Ваша книга — обнаженное сердце, не защищенное формой, книга — сказанная, не написанная, а поэтому скорее услышанная, чем прочтенная. Я ее перечитала три раза. И себя нашла в ней (вот Вам случай поверить мне на слово) — главное в «Быть Человеком»,[1282] главное в: «Коль встретишь ты того, кто золотом владеет», главное в: «Бесстрастно говорят — подай и принеси»,[1283] главное в этих «подай и принеси», весомых, как существительное; которые я выделила бы курсивом; которые я прочла — курсивом!

«Кушать подано» — та, подающая, та, принимающая, о «подаче» не думают; но Вы — я — мы — поэты, мы — обостренный слух, думаем за них: подано обеими моими руками — ее рукам, платиновым и праздным. Не так ли?

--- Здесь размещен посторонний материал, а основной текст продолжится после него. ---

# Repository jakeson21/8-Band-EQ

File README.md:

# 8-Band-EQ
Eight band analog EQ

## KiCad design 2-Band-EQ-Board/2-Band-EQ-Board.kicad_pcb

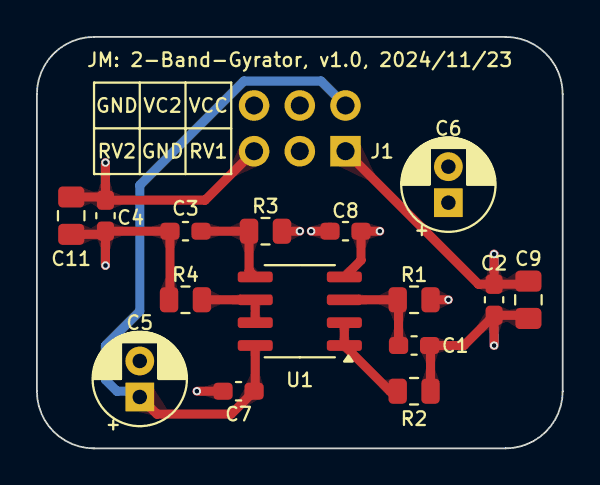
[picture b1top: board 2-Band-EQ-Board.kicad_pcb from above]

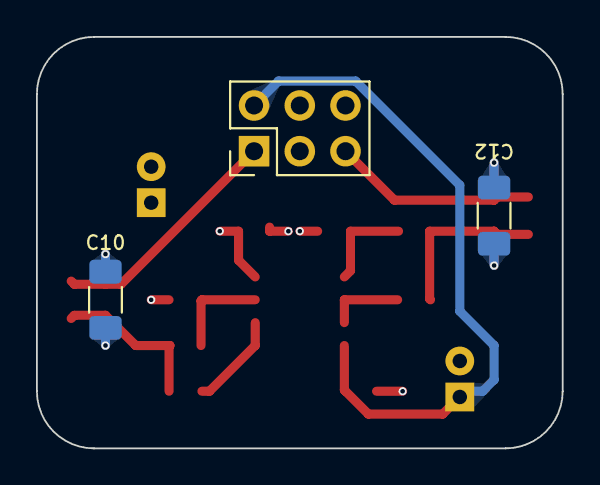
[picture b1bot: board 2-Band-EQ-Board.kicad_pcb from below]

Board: 4 copper layers, 29.2 x 22.9 mm, 18 parts (3 on the bottom side), 11 nets.

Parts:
C1: 33n; C_0603_1608Metric_Pad1.08x0.95mm_HandSolder
C2: 0.68u; C_0603_1608Metric_Pad1.08x0.95mm_HandSolder
C3: 15n; C_0603_1608Metric_Pad1.08x0.95mm_HandSolder
C4: 0.33u; C_0603_1608Metric_Pad1.08x0.95mm_HandSolder
C5, C6: 100u; CP_Radial_D5.0mm_P2.00mm
C7, C8: 0.1u; C_0603_1608Metric_Pad1.08x0.95mm_HandSolder
C9, C11: 1.5u; C_0805_2012Metric_Pad1.18x1.45mm_HandSolder
C10, C12: 3.3u; C_1206_3216Metric_Pad1.33x1.80mm_HandSolder
J1: PHED-DS006G1ABOGA-A006; PinHeader_2x03_P2.54mm_Vertical
R1, R3: 100K; R_0805_2012Metric
R2, R4: 330; R_0805_2012Metric
U1: 296-TL072HIDRCT-ND; SOIC-8_3.9x4.9mm_P1.27mm

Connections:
/RV1: C2.2, C9.2, C10.2, J1.1
/RV2: C4.2, C11.2, C12.2, J1.5
/VCC/2: C5.2, C6.1, C7.1, C8.2, J1.4, R1.1, R3.1
GNDA: C6.2, C8.1, J1.3, J1.6, U1.4 (V-)
unnamed: C1.2, C2.1, C9.1, C10.1, R2.1
unnamed: C3.2, C4.1, C11.1, C12.1, R4.1
unnamed: C1.1, R1.2, U1.3 (+)
unnamed: R2.2, U1.1, U1.2 (-)
unnamed: C3.1, R3.2, U1.5 (+)
unnamed: R4.2, U1.6 (-), U1.7
VCC: C5.1, C7.2, J1.2, U1.8 (V+)

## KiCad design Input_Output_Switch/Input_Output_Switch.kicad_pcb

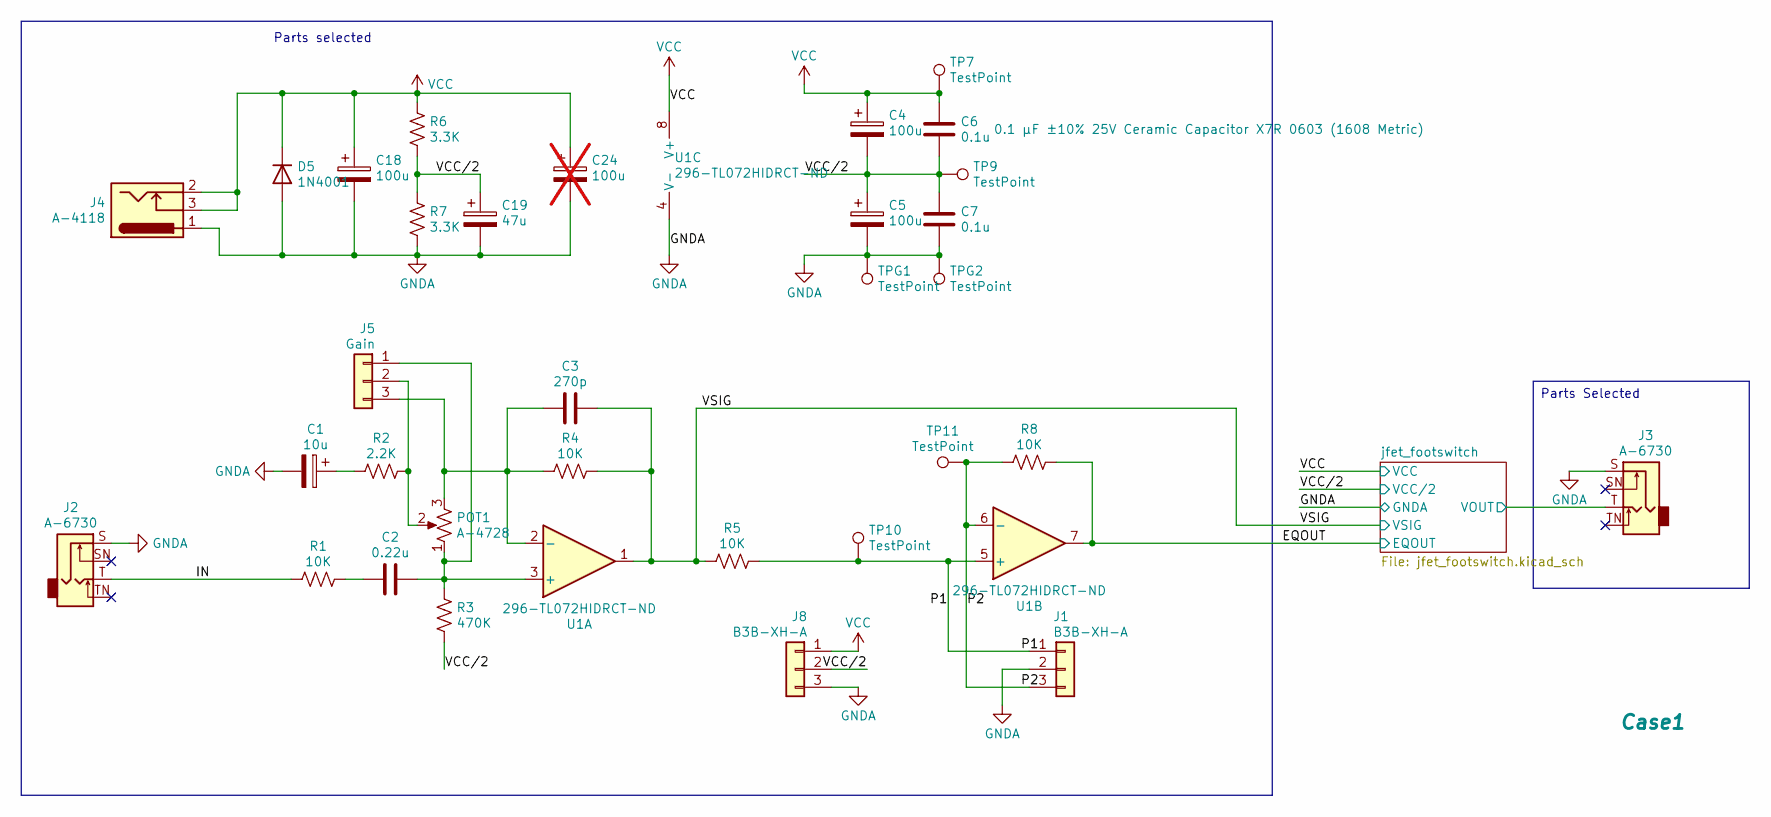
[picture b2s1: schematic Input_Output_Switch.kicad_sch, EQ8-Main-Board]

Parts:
C1: 10u; CP_Elec_4x5.4
C2: 0.22u; C_0603_1608Metric_Pad1.08x0.95mm_HandSolder
C3: 270p; C_0603_1608Metric_Pad1.08x0.95mm_HandSolder
C4, C5, C18: 100u; CP_Radial_D5.0mm_P2.00mm
C6, C7: 0.1u; C_0603_1608Metric_Pad1.08x0.95mm_HandSolder
C19: 47u; CP_Radial_D5.0mm_P2.00mm
C24: 100u; CP_EIA-7343-31_Kemet-D_Pad2.25x2.55mm_HandSolder; not fitted
Case1: Hammond_1444-542
D5: 1N4001; D_DO-41_SOD81_P7.62mm_Horizontal
J1, J8: B3B-XH-A; JST_XH_B3B-XH-A_1x03_P2.50mm_Vertical
J2, J3: A-6730; Jack_6.35mm_Neutrik_NMJ4HFD2_Horizontal
J4: A-4118; BarrelJack_Horizontal
J5: Gain; PinHeader_1x03_P2.54mm_Vertical
POT1: A-4728; Potentiometer_Alpha_RD901F-40-00D_Single_Vertical_CircularH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
R1, R4, R5, R8: 10K; R_0805_2012Metric
R2: 2.2K; R_0805_2012Metric
R3: 470K; R_0805_2012Metric
R6, R7: 3.3K; R_0805_2012Metric
TP7, TP9, TP10, TP11: TestPoint; TestPoint_Pad_1.0x1.0mm
TPG1, TPG2: TestPoint; TestPoint_Pad_1.0x1.0mm
U1: 296-TL072HIDRCT-ND; SOIC-8_3.9x4.9mm_P1.27mm

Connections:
/EQOUT: R8.2, U1.7; also elsewhere on the board
/IN: J2.T, R1.1
/P1: J1.1, R5.2, TP10.1, U1.5 (+)
/P2: J1.3, R8.1, TP11.1, U1.6 (-)
/VSIG: C3.2, R4.2, R5.1, U1.1; also elsewhere on the board
/jfet_footswitch/VOUT: J3.T; also elsewhere on the board
GNDA: C1.2, C5.2, C7.1, C18.2, C19.2, C24.2, D5.2 (A), J1.2, J2.S, J3.S, J4.1, J8.3, R7.2, TPG1.1, TPG2.1, U1.4 (V-); also elsewhere on the board
unnamed: C1.1, R2.2
unnamed: C2.1, R1.2
unnamed: C2.2, J5.1, POT1.1, R3.2, U1.3 (+)
unnamed: J5.2, POT1.2, R2.1
unnamed: C3.1, J5.3, POT1.3, R4.1, U1.2 (-)
VCC: C4.1, C6.2, C18.1, C24.1, D5.1 (K), J4.2, J4.3, J8.1, R6.1, TP7.1, U1.8 (V+); also elsewhere on the board
VCC/2: C4.2, C5.1, C6.1, C7.2, C19.1, J8.2, R3.1, R6.2, R7.1, TP9.1; also elsewhere on the board

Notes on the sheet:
Parts selected
Parts Selected

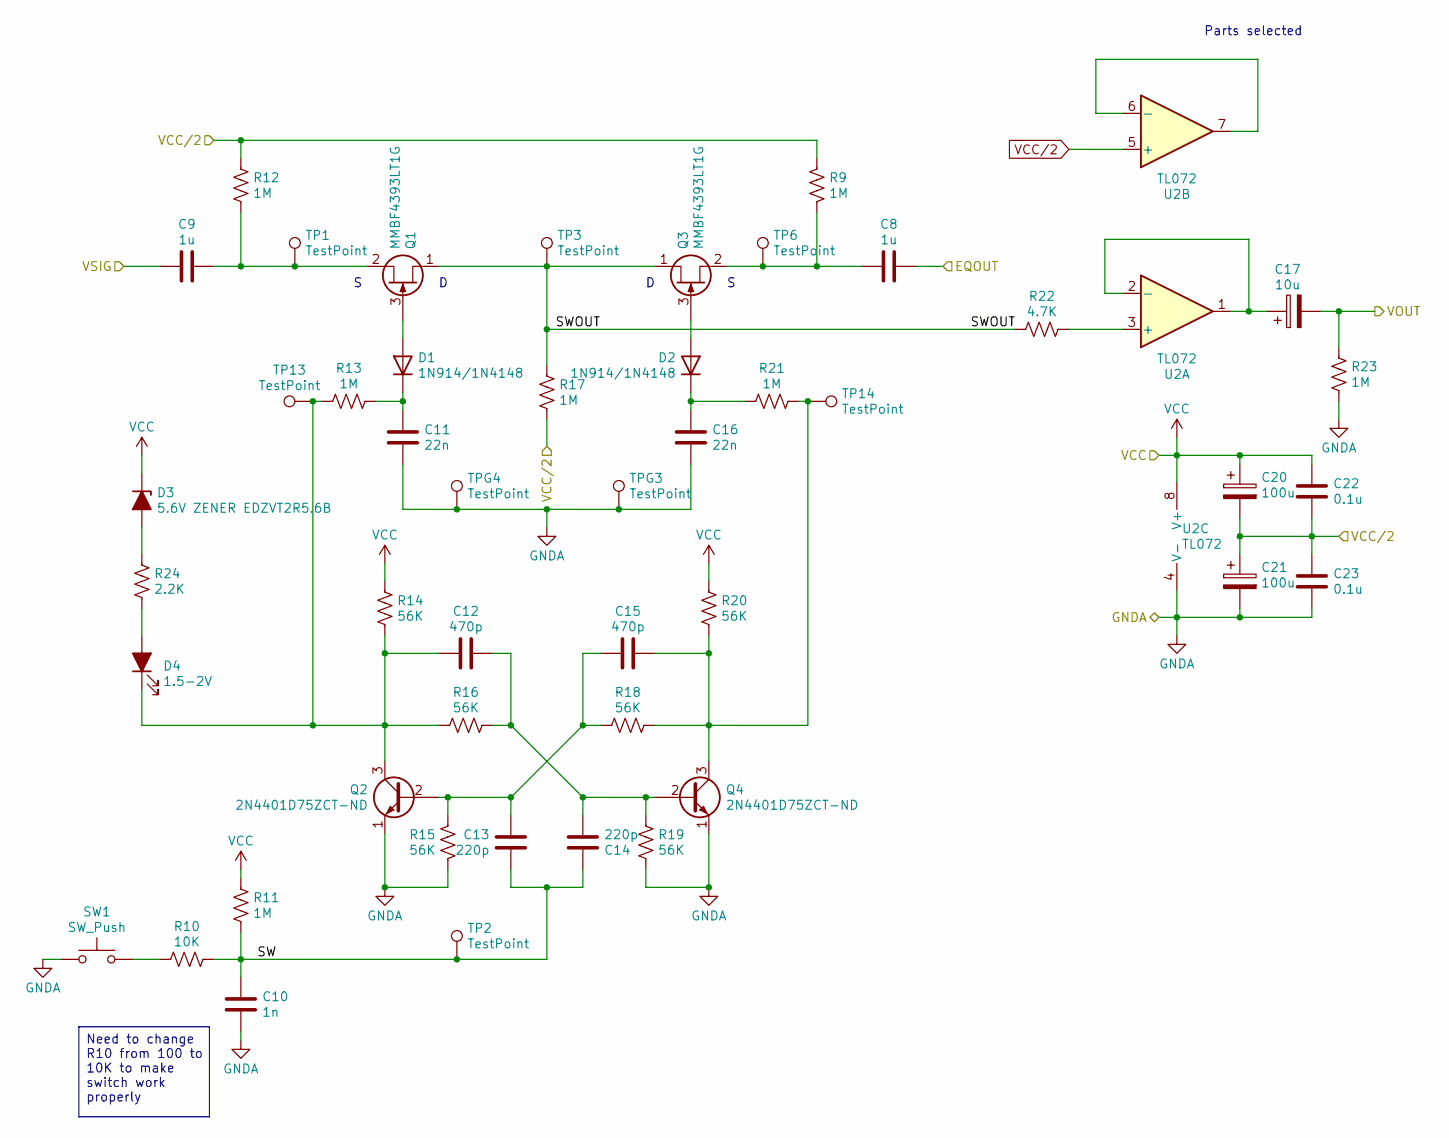
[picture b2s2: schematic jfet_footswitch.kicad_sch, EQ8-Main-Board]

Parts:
C8, C9: 1u; C_0603_1608Metric_Pad1.08x0.95mm_HandSolder
C10: 1n; C_0603_1608Metric_Pad1.08x0.95mm_HandSolder
C11, C16: 22n; C_0603_1608Metric_Pad1.08x0.95mm_HandSolder
C12, C15: 470p; C_0603_1608Metric_Pad1.08x0.95mm_HandSolder
C13, C14: 220p; C_0603_1608Metric_Pad1.08x0.95mm_HandSolder
C17: 10u; CP_Elec_4x5.4
C20, C21: 100u; CP_Radial_D5.0mm_P2.00mm
C22, C23: 0.1u; C_0603_1608Metric_Pad1.08x0.95mm_HandSolder
D1, D2: 1N914/1N4148; D_DO-35_SOD27_P2.54mm_Vertical_AnodeUp
D3: 5.6V ZENER EDZVT2R5.6B; D_SOD-523
D4: 1.5-2V; LED_D3.0mm_Clear
Q1, Q3: MMBF4393LT1G; SOT-23-3
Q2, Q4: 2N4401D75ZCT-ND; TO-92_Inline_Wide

Харчевня, это весь Рильке. Рассказы о Боге,[1284] Его собственное во внутренней сущности вещей. Когда я произношу имя Рильке, я имею в виду братство. Подделываться под Рильке невозможно, можно родиться, можно быть Рильке. В этой книге, наполненной любовью. Вы его брат, как человек, в этом Вы вместе — «братья-люди». Вы как его брат-дерево, его брат-волк.

И что меня особенно трогает — не знаю и не хочу даже знать, почему, — столь часто повторяемое Вами слово «милый», «милая», — не столько к людям относимое, такое скромное и такое не стихотворное!

…Voici le cavalier sans cheval![1285]

Этой строкой определен Ваш выбор в жизни, может быть даже — прежде жизни! Кто хочет, может завести себе коня; кто хочет — молитвенник, но, не имея их, — быть (всадником, монахом) — высшая гордыня или высочайший отказ.

Как мне знаком этот всадник без коня!..

_______

…Не странно ли, что я, влюбленная в рифму более, чем кто-либо, обратилась именно к Вам, высокомерному ее неприятелю? Не проще ли было бы привести моего «М?лодца» в гостеприимный стан друзей рифмы — если таковой существует?

Прежде всего и во всем: мой инстинкт всегда ищет и создает преграды, т. е. я инстинктивно их создаю — в жизни, как и в стихах.

Итак, по-своему, я была права.

Дальше: нас с Вами связывают узы родства. Вы ведь любите Россию и Пастернака; и, главное, Рильке, который не поэт, а сама поэзия.

Пишу все это, чтобы сообщить Вам, что я с большим удовольствием приду в этот вторник к 4 ч. на 12, rue de Seine.

До свидания, дорогой господин Вильдрак. Вам решать, хотите ли Вы меня видеть. Если бы я не послала Вам рукопись, я бы испытывала по отношению к Вам ту же свободу, что и по отношению к Вашей книге: ?me ? ?me[1286] (восхищаетесь этими тремя а!), но — мне неловко, что я попросила Вас ее прочитать, и поэтому буду молчать, пока не заговорите Вы.

МЦ.

Р. S. Присланный Вами милый стишок о тетушке, которая, подметая пол, нашла апельсин, полон смысла и солнца; солнечное воскресенье, вощеный паркет, апельсиновый апельсин… и сама тетушка в чепце, смахивающем на фригийский колпак[1287]… но меня понесло, и Вы уже морщитесь!

Р. S. Мой Жако незнаком с псалмами, ибо он — истинный язычник и сын язычников, к тому же ходит в коммунальную школу, а не к г<осподи>ну кюре.

Только рифма (необходимость срифмовать ученую собаку) превратила его в «крещеного». Как всегда, «в начале было слово», что до самой собаки, вернее — пса, то он действительно существует, с чего мне и следовало начать. Это — Зиг; ученый или нет, он шастает по помойкам.